*** EXERCISE MATERIAL Section Begins ***

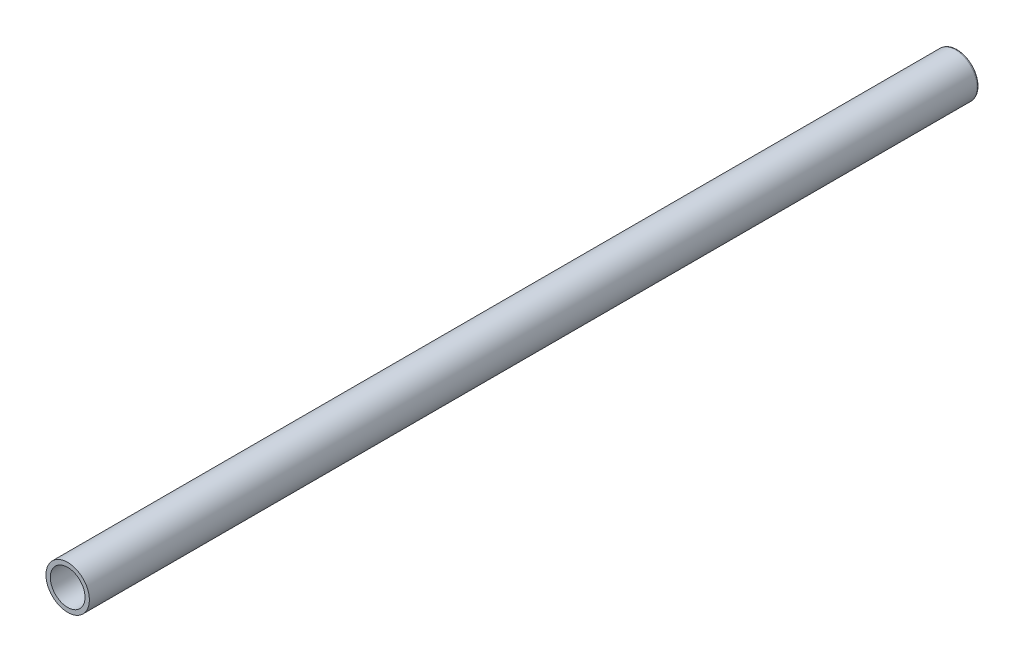
ISO-10303-21;
HEADER;
FILE_DESCRIPTION(('STEP AP214'),'2;1');
FILE_NAME('part.step','',(''),(''),'','','');
FILE_SCHEMA(('AUTOMOTIVE_DESIGN { 1 0 10303 214 1 1 1 1 }'));
ENDSEC;
DATA;
#1=APPLICATION_CONTEXT('core data for automotive mechanical design processes');
#2=APPLICATION_PROTOCOL_DEFINITION('international standard','automotive_design',2000,#1);
#3=PRODUCT_CONTEXT('',#1,'mechanical');
#4=PRODUCT('Part','Part','',(#3));
#5=PRODUCT_RELATED_PRODUCT_CATEGORY('part','',(#4));
#6=PRODUCT_DEFINITION_FORMATION('','',#4);
#7=PRODUCT_DEFINITION_CONTEXT('part definition',#1,'design');
#8=PRODUCT_DEFINITION('design','',#6,#7);
#9=PRODUCT_DEFINITION_SHAPE('','',#8);
#10=(LENGTH_UNIT() NAMED_UNIT(*) SI_UNIT(.MILLI.,.METRE.));
#11=(NAMED_UNIT(*) PLANE_ANGLE_UNIT() SI_UNIT($,.RADIAN.));
#12=(NAMED_UNIT(*) SI_UNIT($,.STERADIAN.) SOLID_ANGLE_UNIT());
#13=UNCERTAINTY_MEASURE_WITH_UNIT(LENGTH_MEASURE(1.E-05),#10,'distance_accuracy_value','');
#14=(GEOMETRIC_REPRESENTATION_CONTEXT(3) GLOBAL_UNCERTAINTY_ASSIGNED_CONTEXT((#13)) GLOBAL_UNIT_ASSIGNED_CONTEXT((#10,
#11,#12)) REPRESENTATION_CONTEXT('',''));
#15=CARTESIAN_POINT('',(0.,0.,0.));
#16=DIRECTION('',(0.,0.,1.));
#17=DIRECTION('',(1.,0.,0.));
#18=AXIS2_PLACEMENT_3D('',#15,#16,#17);
#19=CARTESIAN_POINT('',(0.,5.,124.656399009494));
#20=DIRECTION('',(0.,0.,-1.));
#21=DIRECTION('',(-1.,0.,0.));
#22=AXIS2_PLACEMENT_3D('',#19,#20,#21);
#23=PLANE('',#22);
#24=CARTESIAN_POINT('',(0.,0.,124.656399009494));
#25=DIRECTION('',(0.,0.,1.));
#26=DIRECTION('',(1.,0.,0.));
#27=AXIS2_PLACEMENT_3D('',#24,#25,#26);
#28=CIRCLE('',#27,4.);
#29=CARTESIAN_POINT('',(4.,0.,124.656399009494));
#30=VERTEX_POINT('',#29);
#31=EDGE_CURVE('E42',#30,#30,#28,.T.);
#32=ORIENTED_EDGE('',*,*,#31,.F.);
#33=EDGE_LOOP('',(#32));
#34=FACE_BOUND('',#33,.T.);
#35=CARTESIAN_POINT('',(0.,0.,124.656399009494));
#36=DIRECTION('',(0.,0.,1.));
#37=DIRECTION('',(1.,0.,0.));
#38=AXIS2_PLACEMENT_3D('',#35,#36,#37);
#39=CIRCLE('',#38,5.);
#40=CARTESIAN_POINT('',(5.,0.,124.656399009494));
#41=VERTEX_POINT('',#40);
#42=EDGE_CURVE('E105',#41,#41,#39,.T.);
#43=ORIENTED_EDGE('',*,*,#42,.T.);
#44=EDGE_LOOP('',(#43));
#45=FACE_BOUND('',#44,.T.);
#46=ADVANCED_FACE('F30',(#34,#45),#23,.F.);
#47=CARTESIAN_POINT('',(0.,0.,65.4068878857115));
#48=DIRECTION('',(0.,0.,1.));
#49=DIRECTION('',(1.,0.,0.));
#50=AXIS2_PLACEMENT_3D('',#47,#48,#49);
#51=CYLINDRICAL_SURFACE('',#50,4.);
#52=CARTESIAN_POINT('',(0.,0.,-79.8436009905056));
#53=DIRECTION('',(0.,0.,1.));
#54=DIRECTION('',(1.,0.,0.));
#55=AXIS2_PLACEMENT_3D('',#52,#53,#54);
#56=CIRCLE('',#55,4.);
#57=CARTESIAN_POINT('',(4.,0.,-79.8436009905056));
#58=VERTEX_POINT('',#57);
#59=EDGE_CURVE('E38',#58,#58,#56,.F.);
#60=ORIENTED_EDGE('',*,*,#59,.T.);
#61=EDGE_LOOP('',(#60));
#62=FACE_BOUND('',#61,.T.);
#63=CARTESIAN_POINT('',(-4.,0.,-66.3436009905056));
#64=CARTESIAN_POINT('',(-3.99999906578675,-0.0552507257798206,-66.3435994400135));
#65=CARTESIAN_POINT('',(-3.99884385421219,-0.110518771887176,-66.3390066233231));
#66=CARTESIAN_POINT('',(-3.99434742553262,-0.219470882513688,-66.3207842229676));
#67=CARTESIAN_POINT('',(-3.99100496946646,-0.273154031247157,-66.3071495174804));
#68=CARTESIAN_POINT('',(-3.98250417554693,-0.377347248121716,-66.2713081548642));
#69=CARTESIAN_POINT('',(-3.97734801894725,-0.427861042286669,-66.2491117913621));
#70=CARTESIAN_POINT('',(-3.96576895871729,-0.524448087936284,-66.1968133971424));
#71=CARTESIAN_POINT('',(-3.95934601236034,-0.570521189565836,-66.1667110997597));
#72=CARTESIAN_POINT('',(-3.94578275727868,-0.657867951533942,-66.0988004640695));
#73=CARTESIAN_POINT('',(-3.93863138099022,-0.699037126707379,-66.0608599405329));
#74=CARTESIAN_POINT('',(-3.92449080078353,-0.774499284802203,-65.9786328538997));
#75=CARTESIAN_POINT('',(-3.91750161525565,-0.808791491299424,-65.934345575208));
#76=CARTESIAN_POINT('',(-3.9043651713314,-0.870017695199355,-65.8398708393474));
#77=CARTESIAN_POINT('',(-3.89823196313737,-0.896834810616904,-65.7896055032987));
#78=CARTESIAN_POINT('',(-3.88766329874815,-0.941597939033684,-65.6851020494001));
#79=CARTESIAN_POINT('',(-3.88322757115193,-0.959545370292888,-65.6308645682885));
#80=CARTESIAN_POINT('',(-3.87666984478367,-0.985703224536193,-65.5211053250373));
#81=CARTESIAN_POINT('',(-3.87450327383617,-0.994101512222226,-65.4656310598058));
#82=CARTESIAN_POINT('',(-3.87259575025161,-1.00150785004523,-65.3540219444963));
#83=CARTESIAN_POINT('',(-3.87285440299096,-1.00051742787865,-65.2978872033732));
#84=CARTESIAN_POINT('',(-3.87572803664412,-0.989324349759518,-65.1879904520093));
#85=CARTESIAN_POINT('',(-3.87828575334586,-0.97934556012701,-65.1342039095289));
#86=CARTESIAN_POINT('',(-3.88537806450989,-0.950816124602065,-65.0290936232314));
#87=CARTESIAN_POINT('',(-3.88991279980464,-0.932264868046277,-64.977770055153));
#88=CARTESIAN_POINT('',(-3.90050075936125,-0.886926318624764,-64.8784423130043));
#89=CARTESIAN_POINT('',(-3.90656884979614,-0.860057778155269,-64.8304768759793));
#90=CARTESIAN_POINT('',(-3.91953140564257,-0.798904184009966,-64.7396551840011));
#91=CARTESIAN_POINT('',(-3.9264260155649,-0.764617832539223,-64.6967998251275));
#92=CARTESIAN_POINT('',(-3.94050587026521,-0.688442283120809,-64.616131913376));
#93=CARTESIAN_POINT('',(-3.94769379651981,-0.64636417211057,-64.5784979971314));
#94=CARTESIAN_POINT('',(-3.96137310385857,-0.556407945002462,-64.510786828863));
#95=CARTESIAN_POINT('',(-3.96786446366277,-0.50852965180529,-64.4807098076633));
#96=CARTESIAN_POINT('',(-3.97945154729455,-0.408077259120921,-64.4289005996894));
#97=CARTESIAN_POINT('',(-3.9845424008515,-0.355487595472408,-64.407197430336));
#98=CARTESIAN_POINT('',(-3.99271944660946,-0.247250672095248,-64.3729894533659));
#99=CARTESIAN_POINT('',(-3.99580602226187,-0.191603999433649,-64.3604828862269));
#100=CARTESIAN_POINT('',(-3.9995699951425,-0.0803599802600112,-64.3452959467998));
#101=CARTESIAN_POINT('',(-4.00030702338852,-0.024797813325467,-64.3423723064554));
#102=CARTESIAN_POINT('',(-3.999458698763,0.0860219165343426,-64.345766991876));
#103=CARTESIAN_POINT('',(-3.99787355494564,0.141279506429732,-64.3520844857051));
#104=CARTESIAN_POINT('',(-3.99259720751571,0.249076179184329,-64.3735815960999));
#105=CARTESIAN_POINT('',(-3.98893756123874,0.301643412645838,-64.3886284994903));
#106=CARTESIAN_POINT('',(-3.97992471089423,0.403504861635009,-64.4270057131913));
#107=CARTESIAN_POINT('',(-3.97457133579928,0.452798746021756,-64.4503368600478));
#108=CARTESIAN_POINT('',(-3.96262205284207,0.5476820896199,-64.5050917430888));
#109=CARTESIAN_POINT('',(-3.95600578244621,0.593190294557224,-64.5366517321035));
#110=CARTESIAN_POINT('',(-3.94229672791613,0.678351075762169,-64.6067942630369));
#111=CARTESIAN_POINT('',(-3.93520386167803,0.718002639315342,-64.6453780169169));
#112=CARTESIAN_POINT('',(-3.92112637973847,0.79132704538182,-64.7296022977353));
#113=CARTESIAN_POINT('',(-3.91414869458187,0.824829245081353,-64.7753927925073));
#114=CARTESIAN_POINT('',(-3.90128585584826,0.883673839341796,-64.8720894134828));
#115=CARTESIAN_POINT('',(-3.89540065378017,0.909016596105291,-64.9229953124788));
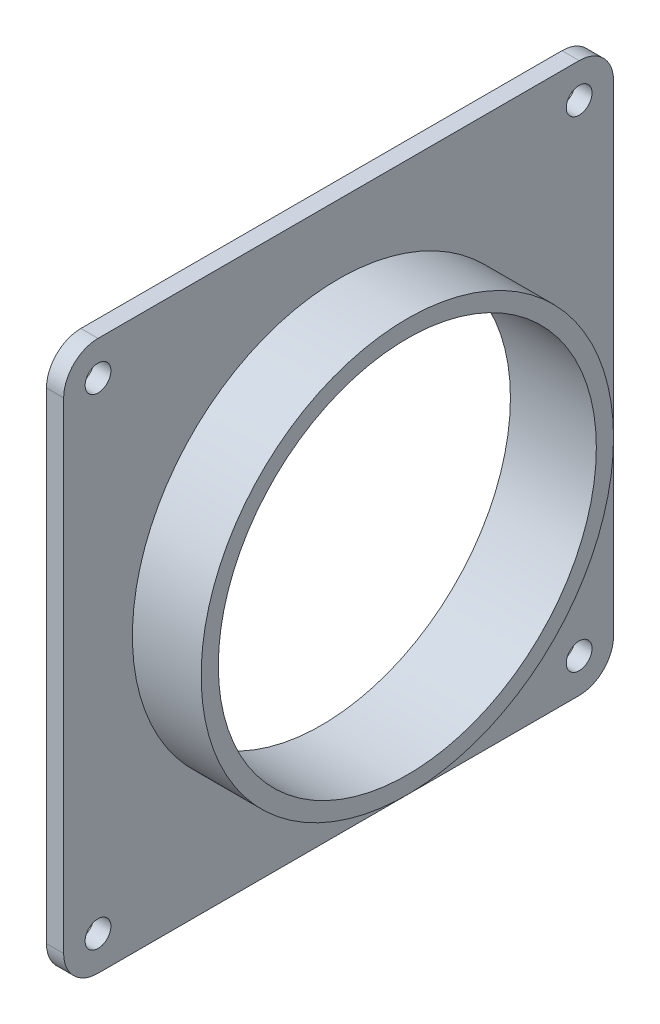
ISO-10303-21;
HEADER;
FILE_DESCRIPTION(('STEP AP214'),'2;1');
FILE_NAME('part.step','',(''),(''),'','','');
FILE_SCHEMA(('AUTOMOTIVE_DESIGN { 1 0 10303 214 1 1 1 1 }'));
ENDSEC;
DATA;
#1=APPLICATION_CONTEXT('core data for automotive mechanical design processes');
#2=APPLICATION_PROTOCOL_DEFINITION('international standard','automotive_design',2000,#1);
#3=PRODUCT_CONTEXT('',#1,'mechanical');
#4=PRODUCT('Part','Part','',(#3));
#5=PRODUCT_RELATED_PRODUCT_CATEGORY('part','',(#4));
#6=PRODUCT_DEFINITION_FORMATION('','',#4);
#7=PRODUCT_DEFINITION_CONTEXT('part definition',#1,'design');
#8=PRODUCT_DEFINITION('design','',#6,#7);
#9=PRODUCT_DEFINITION_SHAPE('','',#8);
#10=(LENGTH_UNIT() NAMED_UNIT(*) SI_UNIT(.MILLI.,.METRE.));
#11=(NAMED_UNIT(*) PLANE_ANGLE_UNIT() SI_UNIT($,.RADIAN.));
#12=(NAMED_UNIT(*) SI_UNIT($,.STERADIAN.) SOLID_ANGLE_UNIT());
#13=UNCERTAINTY_MEASURE_WITH_UNIT(LENGTH_MEASURE(1.E-05),#10,'distance_accuracy_value','');
#14=(GEOMETRIC_REPRESENTATION_CONTEXT(3) GLOBAL_UNCERTAINTY_ASSIGNED_CONTEXT((#13)) GLOBAL_UNIT_ASSIGNED_CONTEXT((#10,
#11,#12)) REPRESENTATION_CONTEXT('',''));
#15=CARTESIAN_POINT('',(0.,0.,0.));
#16=DIRECTION('',(0.,0.,1.));
#17=DIRECTION('',(1.,0.,0.));
#18=AXIS2_PLACEMENT_3D('',#15,#16,#17);
#19=CARTESIAN_POINT('',(3.175,0.,0.));
#20=DIRECTION('',(1.,0.,0.));
#21=DIRECTION('',(0.,0.,-1.));
#22=AXIS2_PLACEMENT_3D('',#19,#20,#21);
#23=CYLINDRICAL_SURFACE('',#22,38.1);
#24=CARTESIAN_POINT('',(15.875,0.,0.));
#25=DIRECTION('',(1.,0.,0.));
#26=DIRECTION('',(0.,0.,-1.));
#27=AXIS2_PLACEMENT_3D('',#24,#25,#26);
#28=CIRCLE('',#27,38.1);
#29=CARTESIAN_POINT('',(15.875,0.,-38.1));
#30=VERTEX_POINT('',#29);
#31=EDGE_CURVE('E98',#30,#30,#28,.T.);
#32=ORIENTED_EDGE('',*,*,#31,.F.);
#33=EDGE_LOOP('',(#32));
#34=FACE_BOUND('',#33,.T.);
#35=CARTESIAN_POINT('',(3.175,0.,0.));
#36=DIRECTION('',(1.,0.,0.));
#37=DIRECTION('',(0.,0.,-1.));
#38=AXIS2_PLACEMENT_3D('',#35,#36,#37);
#39=CIRCLE('',#38,38.1);
#40=CARTESIAN_POINT('',(3.175,0.,-38.1));
#41=VERTEX_POINT('',#40);
#42=EDGE_CURVE('E19',#41,#41,#39,.F.);
#43=ORIENTED_EDGE('',*,*,#42,.F.);
#44=EDGE_LOOP('',(#43));
#45=FACE_BOUND('',#44,.T.);
#46=ADVANCED_FACE('F16',(#34,#45),#23,.T.);
#47=CARTESIAN_POINT('',(3.175,0.,0.));
#48=DIRECTION('',(1.,0.,0.));
#49=DIRECTION('',(0.,0.,-1.));
#50=AXIS2_PLACEMENT_3D('',#47,#48,#49);
#51=PLANE('',#50);
#52=CARTESIAN_POINT('',(3.175,44.45,-44.45));
#53=DIRECTION('',(1.,0.,0.));
#54=DIRECTION('',(0.,0.,-1.));
#55=AXIS2_PLACEMENT_3D('',#52,#53,#54);
#56=CIRCLE('',#55,2.38125);
#57=CARTESIAN_POINT('',(3.175,44.45,-46.83125));
#58=VERTEX_POINT('',#57);
#59=EDGE_CURVE('E155',#58,#58,#56,.F.);
#60=ORIENTED_EDGE('',*,*,#59,.T.);
#61=EDGE_LOOP('',(#60));
#62=FACE_BOUND('',#61,.T.);
#63=ORIENTED_EDGE('',*,*,#42,.T.);
#64=EDGE_LOOP('',(#63));
#65=FACE_BOUND('',#64,.T.);
#66=CARTESIAN_POINT('',(3.175,44.45,44.45));
#67=DIRECTION('',(1.,0.,0.));
#68=DIRECTION('',(0.,0.,-1.));
#69=AXIS2_PLACEMENT_3D('',#66,#67,#68);
#70=CIRCLE('',#69,2.38125);
#71=CARTESIAN_POINT('',(3.175,44.45,42.06875));
#72=VERTEX_POINT('',#71);
#73=EDGE_CURVE('E146',#72,#72,#70,.F.);
#74=ORIENTED_EDGE('',*,*,#73,.T.);
#75=EDGE_LOOP('',(#74));
#76=FACE_BOUND('',#75,.T.);
#77=CARTESIAN_POINT('',(3.175,-44.45,44.45));
#78=DIRECTION('',(1.,0.,0.));
#79=DIRECTION('',(0.,0.,-1.));
#80=AXIS2_PLACEMENT_3D('',#77,#78,#79);
#81=CIRCLE('',#80,2.38125);
#82=CARTESIAN_POINT('',(3.175,-44.45,42.06875));
#83=VERTEX_POINT('',#82);
#84=EDGE_CURVE('E149',#83,#83,#81,.F.);
#85=ORIENTED_EDGE('',*,*,#84,.T.);
#86=EDGE_LOOP('',(#85));
#87=FACE_BOUND('',#86,.T.);
#88=CARTESIAN_POINT('',(3.175,-44.45,-44.45));
#89=DIRECTION('',(1.,0.,0.));
#90=DIRECTION('',(0.,0.,-1.));
#91=AXIS2_PLACEMENT_3D('',#88,#89,#90);
#92=CIRCLE('',#91,2.38125);
#93=CARTESIAN_POINT('',(3.175,-44.45,-46.83125));
#94=VERTEX_POINT('',#93);
#95=EDGE_CURVE('E152',#94,#94,#92,.F.);
#96=ORIENTED_EDGE('',*,*,#95,.T.);
#97=EDGE_LOOP('',(#96));
#98=FACE_BOUND('',#97,.T.);
#99=DIRECTION('',(0.,0.,-1.));
#100=VECTOR('',#99,1.);
#101=CARTESIAN_POINT('',(3.175,-50.8,50.8));
#102=LINE('',#101,#100);
#103=CARTESIAN_POINT('',(3.175,-50.8,-44.45));
#104=VERTEX_POINT('',#103);
#105=CARTESIAN_POINT('',(3.175,-50.8,44.45));
#106=VERTEX_POINT('',#105);
#107=EDGE_CURVE('E94',#104,#106,#102,.F.);
#108=ORIENTED_EDGE('',*,*,#107,.F.);
#109=CARTESIAN_POINT('',(3.175,-44.45,-44.45));
#110=DIRECTION('',(-1.,0.,0.));
#111=DIRECTION('',(0.,0.,1.));
#112=AXIS2_PLACEMENT_3D('',#109,#110,#111);
#113=CIRCLE('',#112,6.35);
#114=CARTESIAN_POINT('',(3.175,-44.45,-50.8));
#115=VERTEX_POINT('',#114);
#116=EDGE_CURVE('E88',#115,#104,#113,.T.);
#117=ORIENTED_EDGE('',*,*,#116,.F.);
#118=DIRECTION('',(0.,1.,0.));
#119=VECTOR('',#118,1.);
#120=CARTESIAN_POINT('',(3.175,-50.8,-50.8));
#121=LINE('',#120,#119);
#122=CARTESIAN_POINT('',(3.175,44.45,-50.8));
#123=VERTEX_POINT('',#122);
#124=EDGE_CURVE('E78',#123,#115,#121,.F.);
#125=ORIENTED_EDGE('',*,*,#124,.F.);
#126=CARTESIAN_POINT('',(3.175,44.45,-44.45));
#127=DIRECTION('',(-1.,0.,0.));
#128=DIRECTION('',(0.,0.,1.));
#129=AXIS2_PLACEMENT_3D('',#126,#127,#128);
#130=CIRCLE('',#129,6.35);
#131=CARTESIAN_POINT('',(3.175,50.8,-44.45));
#132=VERTEX_POINT('',#131);
#133=EDGE_CURVE('E103',#132,#123,#130,.T.);
#134=ORIENTED_EDGE('',*,*,#133,.F.);
#135=DIRECTION('',(0.,0.,1.));
#136=VECTOR('',#135,1.);
#137=CARTESIAN_POINT('',(3.175,50.8,-50.8));
#138=LINE('',#137,#136);
#139=CARTESIAN_POINT('',(3.175,50.8,44.45));
#140=VERTEX_POINT('',#139);
#141=EDGE_CURVE('E115',#140,#132,#138,.F.);
#142=ORIENTED_EDGE('',*,*,#141,.F.);
#143=CARTESIAN_POINT('',(3.175,44.45,44.45));
#144=DIRECTION('',(-1.,0.,0.));
#145=DIRECTION('',(0.,0.,1.));
#146=AXIS2_PLACEMENT_3D('',#143,#144,#145);
#147=CIRCLE('',#146,6.35);
#148=CARTESIAN_POINT('',(3.175,44.45,50.8));
#149=VERTEX_POINT('',#148);
#150=EDGE_CURVE('E161',#149,#140,#147,.T.);
#151=ORIENTED_EDGE('',*,*,#150,.F.);
#152=DIRECTION('',(0.,1.,0.));
#153=VECTOR('',#152,1.);
#154=CARTESIAN_POINT('',(3.175,50.8,50.8));
#155=LINE('',#154,#153);
#156=CARTESIAN_POINT('',(3.175,-44.45,50.8));
#157=VERTEX_POINT('',#156);
#158=EDGE_CURVE('E111',#157,#149,#155,.T.);
#159=ORIENTED_EDGE('',*,*,#158,.F.);
#160=CARTESIAN_POINT('',(3.175,-44.45,44.45));
#161=DIRECTION('',(-1.,0.,0.));
#162=DIRECTION('',(0.,0.,1.));
#163=AXIS2_PLACEMENT_3D('',#160,#161,#162);
#164=CIRCLE('',#163,6.35);
#165=EDGE_CURVE('E159',#106,#157,#164,.T.);
#166=ORIENTED_EDGE('',*,*,#165,.F.);
#167=EDGE_LOOP('',(#108,#117,#125,#134,#142,#151,#159,#166));
#168=FACE_BOUND('',#167,.T.);
#169=ADVANCED_FACE('F92',(#62,#65,#76,#87,#98,#168),#51,.T.);
#170=CARTESIAN_POINT('',(15.875,0.,0.));
#171=DIRECTION('',(1.,0.,0.));
#172=DIRECTION('',(0.,0.,-1.));
#173=AXIS2_PLACEMENT_3D('',#170,#171,#172);
#174=PLANE('',#173);
#175=CARTESIAN_POINT('',(15.875,0.,0.));
#176=DIRECTION('',(1.,0.,0.));
#177=DIRECTION('',(0.,0.,-1.));
#178=AXIS2_PLACEMENT_3D('',#175,#176,#177);
#179=CIRCLE('',#178,34.925);
#180=CARTESIAN_POINT('',(15.875,0.,-34.925));
#181=VERTEX_POINT('',#180);
#182=EDGE_CURVE('E143',#181,#181,#179,.F.);
#183=ORIENTED_EDGE('',*,*,#182,.T.);
#184=EDGE_LOOP('',(#183));
#185=FACE_BOUND('',#184,.T.);
#186=ORIENTED_EDGE('',*,*,#31,.T.);
#187=EDGE_LOOP('',(#186));
#188=FACE_BOUND('',#187,.T.);
#189=ADVANCED_FACE('F176',(#185,#188),#174,.T.);
#190=CARTESIAN_POINT('',(36.56965,-44.45,-44.45));
#191=DIRECTION('',(-1.,0.,0.));
#192=DIRECTION('',(0.,0.,1.));
#193=AXIS2_PLACEMENT_3D('',#190,#191,#192);
#194=CYLINDRICAL_SURFACE('',#193,6.35);
#195=DIRECTION('',(1.,0.,0.));
#196=VECTOR('',#195,1.);
#197=CARTESIAN_POINT('',(0.,-50.8,-44.45));
#198=LINE('',#197,#196);
#199=CARTESIAN_POINT('',(0.,-50.8,-44.45));
#200=VERTEX_POINT('',#199);
#201=EDGE_CURVE('E158',#200,#104,#198,.T.);
#202=ORIENTED_EDGE('',*,*,#201,.F.);
#203=CARTESIAN_POINT('',(0.,-44.45,-44.45));
#204=DIRECTION('',(-1.,0.,0.));
#205=DIRECTION('',(0.,0.,1.));
#206=AXIS2_PLACEMENT_3D('',#203,#204,#205);
#207=CIRCLE('',#206,6.35);
#208=CARTESIAN_POINT('',(0.,-44.45,-50.8));
#209=VERTEX_POINT('',#208);
#210=EDGE_CURVE('E102',#200,#209,#207,.F.);
#211=ORIENTED_EDGE('',*,*,#210,.T.);
#212=DIRECTION('',(-1.,0.,0.));
#213=VECTOR('',#212,1.);
#214=CARTESIAN_POINT('',(0.,-44.45,-50.8));
#215=LINE('',#214,#213);
#216=EDGE_CURVE('E83',#115,#209,#215,.T.);
#217=ORIENTED_EDGE('',*,*,#216,.F.);
#218=ORIENTED_EDGE('',*,*,#116,.T.);
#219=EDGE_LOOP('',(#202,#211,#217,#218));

*** EXERCISE MATERIAL Section Ends ***

* WORK TASK *
Filter the records above and return every line that holds the word "VECTOR".

* RESPONSE FOR THIS EXERCISE *
#100=VECTOR('',#99,1.);
#119=VECTOR('',#118,1.);
#136=VECTOR('',#135,1.);
#153=VECTOR('',#152,1.);
#196=VECTOR('',#195,1.);
#213=VECTOR('',#212,1.);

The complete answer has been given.